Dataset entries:
+++++
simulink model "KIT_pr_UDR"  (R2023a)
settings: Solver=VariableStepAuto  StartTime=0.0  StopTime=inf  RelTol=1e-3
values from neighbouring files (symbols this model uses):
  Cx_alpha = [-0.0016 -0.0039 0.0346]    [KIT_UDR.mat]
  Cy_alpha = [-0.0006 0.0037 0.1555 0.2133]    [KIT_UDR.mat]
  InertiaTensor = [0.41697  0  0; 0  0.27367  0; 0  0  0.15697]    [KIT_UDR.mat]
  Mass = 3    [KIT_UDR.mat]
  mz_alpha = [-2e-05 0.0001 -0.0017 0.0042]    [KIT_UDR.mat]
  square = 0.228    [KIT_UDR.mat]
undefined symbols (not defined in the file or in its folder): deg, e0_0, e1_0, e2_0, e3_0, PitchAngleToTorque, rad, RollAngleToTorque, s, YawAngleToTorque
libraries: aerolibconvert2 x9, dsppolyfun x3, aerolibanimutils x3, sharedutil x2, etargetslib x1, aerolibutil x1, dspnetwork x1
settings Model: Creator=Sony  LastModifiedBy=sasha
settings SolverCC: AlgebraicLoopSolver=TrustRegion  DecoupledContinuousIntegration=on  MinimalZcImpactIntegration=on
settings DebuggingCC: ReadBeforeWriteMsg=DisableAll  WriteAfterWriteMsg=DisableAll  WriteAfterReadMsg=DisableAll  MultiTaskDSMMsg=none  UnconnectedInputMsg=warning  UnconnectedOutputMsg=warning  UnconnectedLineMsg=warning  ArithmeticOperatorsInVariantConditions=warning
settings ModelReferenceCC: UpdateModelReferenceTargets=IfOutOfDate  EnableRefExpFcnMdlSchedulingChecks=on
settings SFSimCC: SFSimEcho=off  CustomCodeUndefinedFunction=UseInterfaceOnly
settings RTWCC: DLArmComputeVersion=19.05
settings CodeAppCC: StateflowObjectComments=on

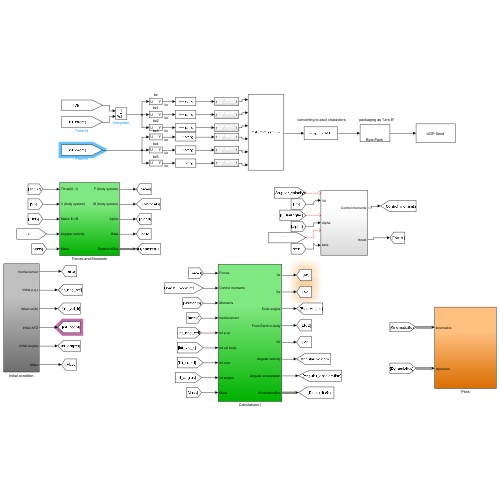
[thumbnail: Simulink's stored preview of the top-level diagram]
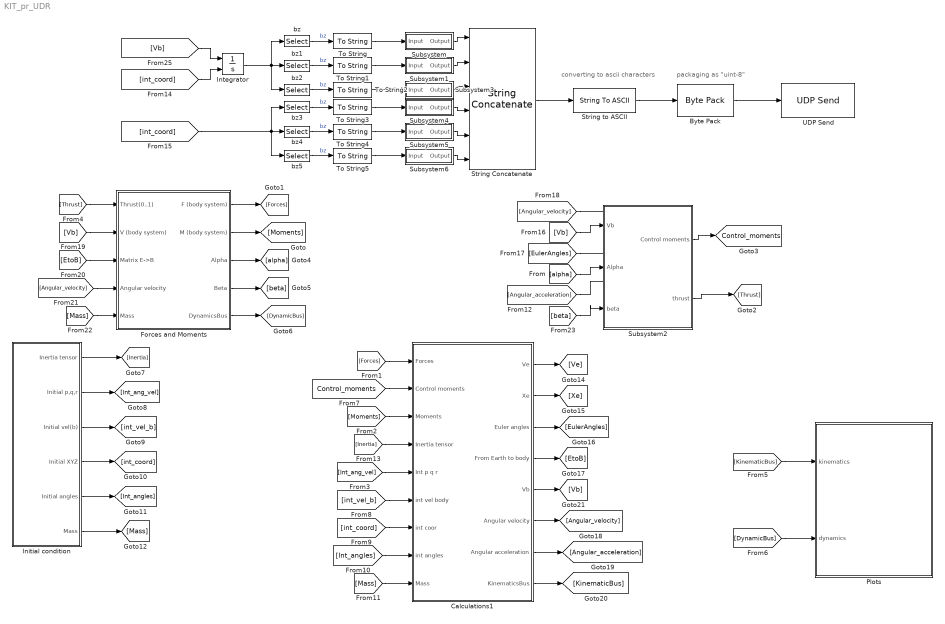
== system KIT_pr_UDR ==
  note: packaging as "uint-8"
  note: converting to ascii characters
  Byte Pack : etargetslib/Byte Pack  datatypes={'uint8'}  byteAlign=1
  Calculations1 : Subsystem
  Forces and Moments : Subsystem
  Initial condition : Subsystem
  Integrator : Integrator  InitialConditionSource=external
  Plots : Subsystem
  String Concatenate : StringConcatenate  Inputs=6
  String to ASCII : StringToASCII  OutputVectorSize=64
  Subsystem : Subsystem
  Subsystem1 : Subsystem
  Subsystem2 : Subsystem
  Subsystem3 : Subsystem
  Subsystem4 : Subsystem
  Subsystem5 : Subsystem
  Subsystem6 : Subsystem
  To String{,1..5} (6 alike) : ToString
  UDP Send : dspnetwork/UDP Send  remoteURL='127.0.0.1'  remotePort=1234  localURL='0.0.0.0'  localPortSource=Automatically determine  localPort=-1  sendBufferSize=8192  sampletime=-1  blockPlatform=[]  separateLengthPort=0
      settings: LibrarySourceBlock=dspsnks4/UDP Send
  bz : Selector  InputPortWidth=3  IndexOptions=Index vector (dialog)  Indices=1  OutputSizes=1
  bz1 : Selector  InputPortWidth=3  IndexOptions=Index vector (dialog)  Indices=2  OutputSizes=1
  bz2 : Selector  InputPortWidth=3  IndexOptions=Index vector (dialog)  Indices=3  OutputSizes=1
  bz3 : Selector  InputPortWidth=3  IndexOptions=Index vector (dialog)  Indices=1  OutputSizes=1
  bz4 : Selector  InputPortWidth=3  IndexOptions=Index vector (dialog)  Indices=2  OutputSizes=1
  bz5 : Selector  InputPortWidth=3  IndexOptions=Index vector (dialog)  Indices=3  OutputSizes=1
  tag scope: Control_moments=global
  wires:
  [Forces] -> Calculations1/1(Forces)
  Forces and Moments/1(F (body system)) -> [Forces]
  Subsystem2/1(Control moments) -> [Control_moments]
  Subsystem2/2(thrust) -> [Thrust]
  [Control_moments] -> Calculations1/2(Control moments)
  Forces and Moments/2(M (body system)) -> [Moments]
  Forces and Moments/3(Alpha) -> [alpha]
  Forces and Moments/4(Beta) -> [beta]
  Forces and Moments/5(DynamicsBus) -> [DynamicBus]
  [alpha] -> Subsystem2/2(Alpha)
  [DynamicBus] -> Plots/2(dynamics)
  [Moments] -> Calculations1/3(Moments)
  [Thrust] -> Forces and Moments/1(Thrust(0..1))
  Initial condition/1(Inertia tensor) -> [Inertia]
  Initial condition/2(Initial p,q,r) -> [Int_ang_vel]
  Initial condition/3(Initial vel(b)) -> [int_vel_b]
  Initial condition/4(Initial XYZ) -> [int_coord]
  Initial condition/5(Initial angles) -> [Int_angles]
  Initial condition/6(Mass) -> [Mass]
  Calculations1/1(Ve) -> [Ve]
  Calculations1/2(Xe) -> [Xe]
  Calculations1/3(Euler angles) -> [EulerAngles]
  Calculations1/4(From Earth to body) -> [EtoB]
  Calculations1/8(KinematicsBus) -> [KinematicBus]
  Calculations1/6(Angular velocity) -> [Angular_velocity]
  Calculations1/7(Angular acceleration) -> [Angular_acceleration]
  Calculations1/5(Vb) -> [Vb]
  [KinematicBus] -> Plots/1(kinematics)
  [Mass] -> Calculations1/9(Mass)
  [Int_angles] -> Calculations1/8(int angles)
  [int_coord] -> Calculations1/7("int coor ")
  [int_vel_b] -> Calculations1/6(int vel body)
  [Int_ang_vel] -> Calculations1/5(Int p q r)
  [Inertia] -> Calculations1/4(Inertia tensor)
  [EulerAngles] -> ?
  [Vb] -> Subsystem2/1(Vb)
  [Angular_velocity] -> ?
  [Vb] -> Forces and Moments/2(V (body system))
  [Mass] -> Forces and Moments/5(Mass)
  [Angular_velocity] -> Forces and Moments/4(Angular velocity)
  [EtoB] -> Forces and Moments/3(Matrix E->B)
  [Angular_acceleration] -> ?
  [beta] -> Subsystem2/3(beta)
  Subsystem3/1(Output) -> String Concatenate/3
  To String5/1 -> Subsystem6/1(Input)
  bz4/1 -> To String4/1  "bz"
  bz5/1 -> To String5/1  "bz"
  To String4/1 -> Subsystem5/1(Input)
  bz3/1 -> To String3/1  "bz"
  To String3/1 -> Subsystem4/1(Input)
  Subsystem1/1(Output) -> String Concatenate/2
  [int_coord] -> bz5/1, bz4/1, bz3/1
  Subsystem5/1(Output) -> String Concatenate/5
  bz1/1 -> To String1/1  "bz"
  Subsystem/1(Output) -> String Concatenate/1
  To String/1 -> Subsystem/1(Input)
  bz/1 -> To String/1  "bz"
  To String1/1 -> Subsystem1/1(Input)
  Subsystem6/1(Output) -> String Concatenate/6
  Byte Pack/1 -> UDP Send/1
  Integrator/1 -> bz2/1, bz/1, bz1/1
  Subsystem4/1(Output) -> String Concatenate/4
  bz2/1 -> To String2/1  "bz"
  String Concatenate/1 -> String to ASCII/1
  To String2/1 -> Subsystem3/1(Input)
  String to ASCII/1 -> Byte Pack/1
  [int_coord] -> Integrator/2
  [Vb] -> Integrator/1

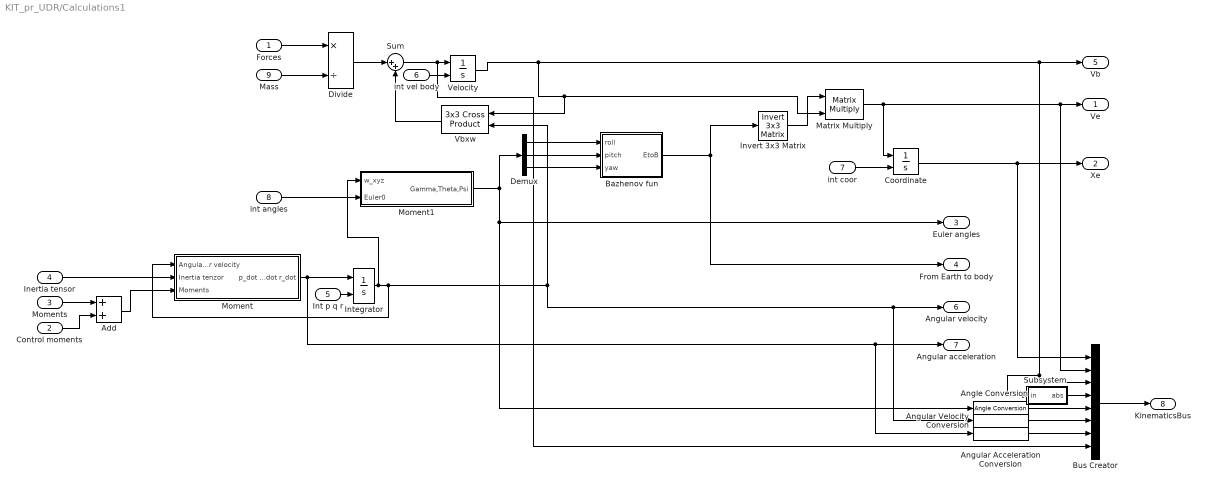
== system KIT_pr_UDR/Calculations1 ==
  Forces : Inport
  Control moments : Inport  Port=2
  Moments : Inport  Port=3
  Inertia tensor : Inport  Port=4
  Int p q r : Inport  Port=5
  int vel body : Inport  Port=6
  "int coor " : Inport  Port=7
  int angles : Inport  Port=8
  Mass : Inport  Port=9
  Add : Sum
  Angle Conversion : aerolibconvert2/Angle Conversion  IU=rad  OU=deg
  Angular Acceleration Conversion : aerolibconvert2/Angular Acceleration Conversion  IU=deg/s^2  OU=rad/s^2
  Angular Velocity Conversion : aerolibconvert2/Angular Velocity Conversion  IU=rad/s  OU=deg/s
  Bazhenov fun : MATLAB Function  TreatAsAtomicUnit=on
  Bus Creator : BusCreator  Inputs=8
  Coordinate : Integrator  InitialConditionSource=external
  Demux : Demux  Outputs=3
  Divide : Product  Inputs=*/
  Integrator : Integrator  InitialConditionSource=external
  Invert 3x3 Matrix : aerolibutil/Invert  3x3 Matrix
  Matrix Multiply : Product  Multiplication=Matrix(*)
  Moment : Subsystem
  Moment1 : Subsystem
  Subsystem : Subsystem
  Sum : Sum  Inputs=|++
  Vbxw : sharedutil/3x3 Cross Product  aMode=aMode
  Velocity : Integrator  InitialConditionSource=external
  Ve : Outport  VectorParamsAs1DForOutWhenUnconnected=off
  Xe : Outport  Port=2  VectorParamsAs1DForOutWhenUnconnected=off
  Euler angles : Outport  Port=3  VectorParamsAs1DForOutWhenUnconnected=off
  From Earth to body : Outport  Port=4  VectorParamsAs1DForOutWhenUnconnected=off
  Vb : Outport  Port=5  VectorParamsAs1DForOutWhenUnconnected=off
  Angular velocity : Outport  Port=6  VectorParamsAs1DForOutWhenUnconnected=off
  Angular acceleration : Outport  Port=7  VectorParamsAs1DForOutWhenUnconnected=off
  KinematicsBus : Outport  Port=8  VectorParamsAs1DForOutWhenUnconnected=off
  wires:
  Forces/1 -> Divide/1
  Divide/1 -> Sum/1
  Sum/1 -> Bus Creator/8, Velocity/1
  Invert 3x3 Matrix/1 -> Matrix Multiply/1
  Moment/1(p_dot q_dot r_dot) -> Integrator/1, Angular Acceleration Conversion/1, Angular acceleration/1
  Inertia tensor/1 -> Moment/2(Inertia tenzor)
  Velocity/1 -> Matrix Multiply/2, Vbxw/1, Subsystem/1(in), Bus Creator/3, Vb/1
  Integrator/1 -> Moment1/1(w_xyz), Moment/1(Angular velocity), Vbxw/2, Angular Velocity Conversion/1, Angular velocity/1
  Vbxw/1 -> Sum/2
  Int p q r/1 -> Integrator/2
  int vel body/1 -> Velocity/2
  "int coor "/1 -> Coordinate/2
  Moments/1 -> Add/1
  Control moments/1 -> Add/2
  Add/1 -> Moment/3(Moments)
  Bus Creator/1 -> KinematicsBus/1
  Coordinate/1 -> Bus Creator/1, Xe/1
  Matrix Multiply/1 -> Coordinate/1, Bus Creator/2, Ve/1
  Subsystem/1(abs) -> Bus Creator/4
  Angle Conversion/1 -> Bus Creator/5
  Angular Velocity Conversion/1 -> Bus Creator/6
  Angular Acceleration Conversion/1 -> Bus Creator/7
  Demux/2 -> Bazhenov fun/2(pitch)
  Demux/1 -> Bazhenov fun/1(roll)
  Demux/3 -> Bazhenov fun/3(yaw)
  Bazhenov fun/1(EtoB) -> From Earth to body/1, Invert 3x3 Matrix/1
  int angles/1 -> Moment1/2(Euler0)
  Moment1/1(Gamma,Theta,Psi) -> Angle Conversion/1, Euler angles/1, Demux/1
  Mass/1 -> Divide/2

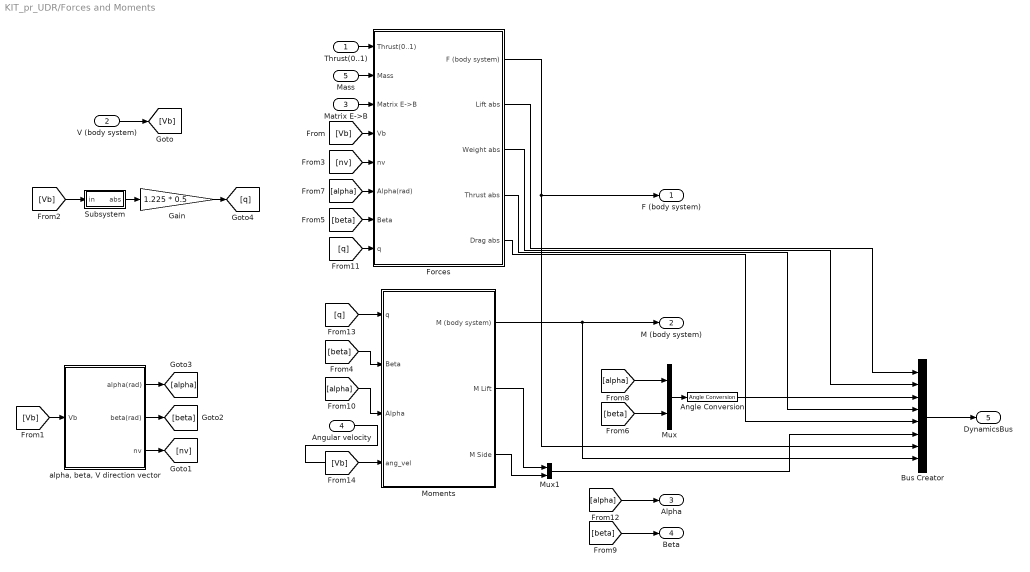
== system KIT_pr_UDR/Forces and Moments ==
  Thrust(0..1) : Inport
  V (body system) : Inport  Port=2
  Matrix E->B : Inport  Port=3
  Angular velocity : Inport  Port=4
  Mass : Inport  Port=5
  Angle Conversion : aerolibconvert2/Angle Conversion  IU=rad  OU=deg
  Bus Creator : BusCreator  Inputs=8
  Forces : Subsystem
  Gain : Gain  Gain=1.225 * 0.5
  Moments : Subsystem
  Mux : Mux  Inputs=2
  Mux1 : Mux  Inputs=2
  Subsystem : Subsystem
  "alpha, beta, V direction vector" : Subsystem
  F (body system) : Outport  VectorParamsAs1DForOutWhenUnconnected=off
  M (body system) : Outport  Port=2  VectorParamsAs1DForOutWhenUnconnected=off
  Alpha : Outport  Port=3  VectorParamsAs1DForOutWhenUnconnected=off
  Beta : Outport  Port=4  VectorParamsAs1DForOutWhenUnconnected=off
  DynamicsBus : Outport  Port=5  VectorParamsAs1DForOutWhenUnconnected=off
+++++
Instructions for the task:
Among the lines above, show every one that contains the string "EulerAngles".

Your response:
  Calculations1/3(Euler angles) -> [EulerAngles]
  [EulerAngles] -> ?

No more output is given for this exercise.